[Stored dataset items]
__________________________________________________
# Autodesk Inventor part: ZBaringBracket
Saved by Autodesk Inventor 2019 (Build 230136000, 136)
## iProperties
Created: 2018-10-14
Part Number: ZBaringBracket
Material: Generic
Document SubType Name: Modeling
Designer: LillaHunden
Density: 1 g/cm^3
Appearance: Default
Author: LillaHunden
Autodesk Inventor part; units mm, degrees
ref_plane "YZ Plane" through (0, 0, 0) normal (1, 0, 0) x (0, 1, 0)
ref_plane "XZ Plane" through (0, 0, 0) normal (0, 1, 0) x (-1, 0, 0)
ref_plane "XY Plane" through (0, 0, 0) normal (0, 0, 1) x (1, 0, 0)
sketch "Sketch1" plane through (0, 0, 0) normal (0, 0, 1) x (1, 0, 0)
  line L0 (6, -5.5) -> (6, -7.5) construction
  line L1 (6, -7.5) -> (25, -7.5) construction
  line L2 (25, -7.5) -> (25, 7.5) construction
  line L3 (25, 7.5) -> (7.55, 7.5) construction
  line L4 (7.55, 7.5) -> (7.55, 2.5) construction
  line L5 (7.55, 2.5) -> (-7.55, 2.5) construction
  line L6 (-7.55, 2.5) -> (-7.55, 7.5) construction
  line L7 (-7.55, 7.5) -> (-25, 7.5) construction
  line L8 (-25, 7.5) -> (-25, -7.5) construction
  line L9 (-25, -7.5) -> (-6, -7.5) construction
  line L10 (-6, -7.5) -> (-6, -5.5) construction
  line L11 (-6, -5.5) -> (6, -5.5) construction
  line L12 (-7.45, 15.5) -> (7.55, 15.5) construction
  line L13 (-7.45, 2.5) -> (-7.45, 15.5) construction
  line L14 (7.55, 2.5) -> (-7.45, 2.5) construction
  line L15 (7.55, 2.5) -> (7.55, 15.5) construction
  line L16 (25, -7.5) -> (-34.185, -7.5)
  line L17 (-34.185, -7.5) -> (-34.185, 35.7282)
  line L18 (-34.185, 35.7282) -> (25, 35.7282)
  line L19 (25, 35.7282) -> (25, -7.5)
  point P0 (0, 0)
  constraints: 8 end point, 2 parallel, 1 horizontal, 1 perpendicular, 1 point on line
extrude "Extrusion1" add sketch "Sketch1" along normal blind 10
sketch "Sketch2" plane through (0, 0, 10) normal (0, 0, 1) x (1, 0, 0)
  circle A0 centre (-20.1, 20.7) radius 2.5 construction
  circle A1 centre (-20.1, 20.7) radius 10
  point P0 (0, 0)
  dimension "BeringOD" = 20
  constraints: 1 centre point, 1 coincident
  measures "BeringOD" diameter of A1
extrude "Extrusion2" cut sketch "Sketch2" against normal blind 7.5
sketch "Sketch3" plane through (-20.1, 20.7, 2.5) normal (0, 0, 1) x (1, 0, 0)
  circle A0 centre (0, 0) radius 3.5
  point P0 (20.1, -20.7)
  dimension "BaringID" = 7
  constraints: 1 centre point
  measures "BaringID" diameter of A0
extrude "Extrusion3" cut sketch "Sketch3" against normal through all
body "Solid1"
__________________________________________________
→ WORK TO BE COMPLETED
Could you return the data above exactly as it stands?

→ ANSWER SPACE
# Autodesk Inventor part: ZBaringBracket
Saved by Autodesk Inventor 2019 (Build 230136000, 136)
## iProperties
Created: 2018-10-14
Part Number: ZBaringBracket
Material: Generic
Document SubType Name: Modeling
Designer: LillaHunden
Density: 1 g/cm^3
Appearance: Default
Author: LillaHunden
Autodesk Inventor part; units mm, degrees
ref_plane "YZ Plane" through (0, 0, 0) normal (1, 0, 0) x (0, 1, 0)
ref_plane "XZ Plane" through (0, 0, 0) normal (0, 1, 0) x (-1, 0, 0)
ref_plane "XY Plane" through (0, 0, 0) normal (0, 0, 1) x (1, 0, 0)
sketch "Sketch1" plane through (0, 0, 0) normal (0, 0, 1) x (1, 0, 0)
  line L0 (6, -5.5) -> (6, -7.5) construction
  line L1 (6, -7.5) -> (25, -7.5) construction
  line L2 (25, -7.5) -> (25, 7.5) construction
  line L3 (25, 7.5) -> (7.55, 7.5) construction
  line L4 (7.55, 7.5) -> (7.55, 2.5) construction
  line L5 (7.55, 2.5) -> (-7.55, 2.5) construction
  line L6 (-7.55, 2.5) -> (-7.55, 7.5) construction
  line L7 (-7.55, 7.5) -> (-25, 7.5) construction
  line L8 (-25, 7.5) -> (-25, -7.5) construction
  line L9 (-25, -7.5) -> (-6, -7.5) construction
  line L10 (-6, -7.5) -> (-6, -5.5) construction
  line L11 (-6, -5.5) -> (6, -5.5) construction
  line L12 (-7.45, 15.5) -> (7.55, 15.5) construction
  line L13 (-7.45, 2.5) -> (-7.45, 15.5) construction
  line L14 (7.55, 2.5) -> (-7.45, 2.5) construction
  line L15 (7.55, 2.5) -> (7.55, 15.5) construction
  line L16 (25, -7.5) -> (-34.185, -7.5)
  line L17 (-34.185, -7.5) -> (-34.185, 35.7282)
  line L18 (-34.185, 35.7282) -> (25, 35.7282)
  line L19 (25, 35.7282) -> (25, -7.5)
  point P0 (0, 0)
  constraints: 8 end point, 2 parallel, 1 horizontal, 1 perpendicular, 1 point on line
extrude "Extrusion1" add sketch "Sketch1" along normal blind 10
sketch "Sketch2" plane through (0, 0, 10) normal (0, 0, 1) x (1, 0, 0)
  circle A0 centre (-20.1, 20.7) radius 2.5 construction
  circle A1 centre (-20.1, 20.7) radius 10
  point P0 (0, 0)
  dimension "BeringOD" = 20
  constraints: 1 centre point, 1 coincident
  measures "BeringOD" diameter of A1
extrude "Extrusion2" cut sketch "Sketch2" against normal blind 7.5
sketch "Sketch3" plane through (-20.1, 20.7, 2.5) normal (0, 0, 1) x (1, 0, 0)
  circle A0 centre (0, 0) radius 3.5
  point P0 (20.1, -20.7)
  dimension "BaringID" = 7
  constraints: 1 centre point
  measures "BaringID" diameter of A0
extrude "Extrusion3" cut sketch "Sketch3" against normal through all
body "Solid1"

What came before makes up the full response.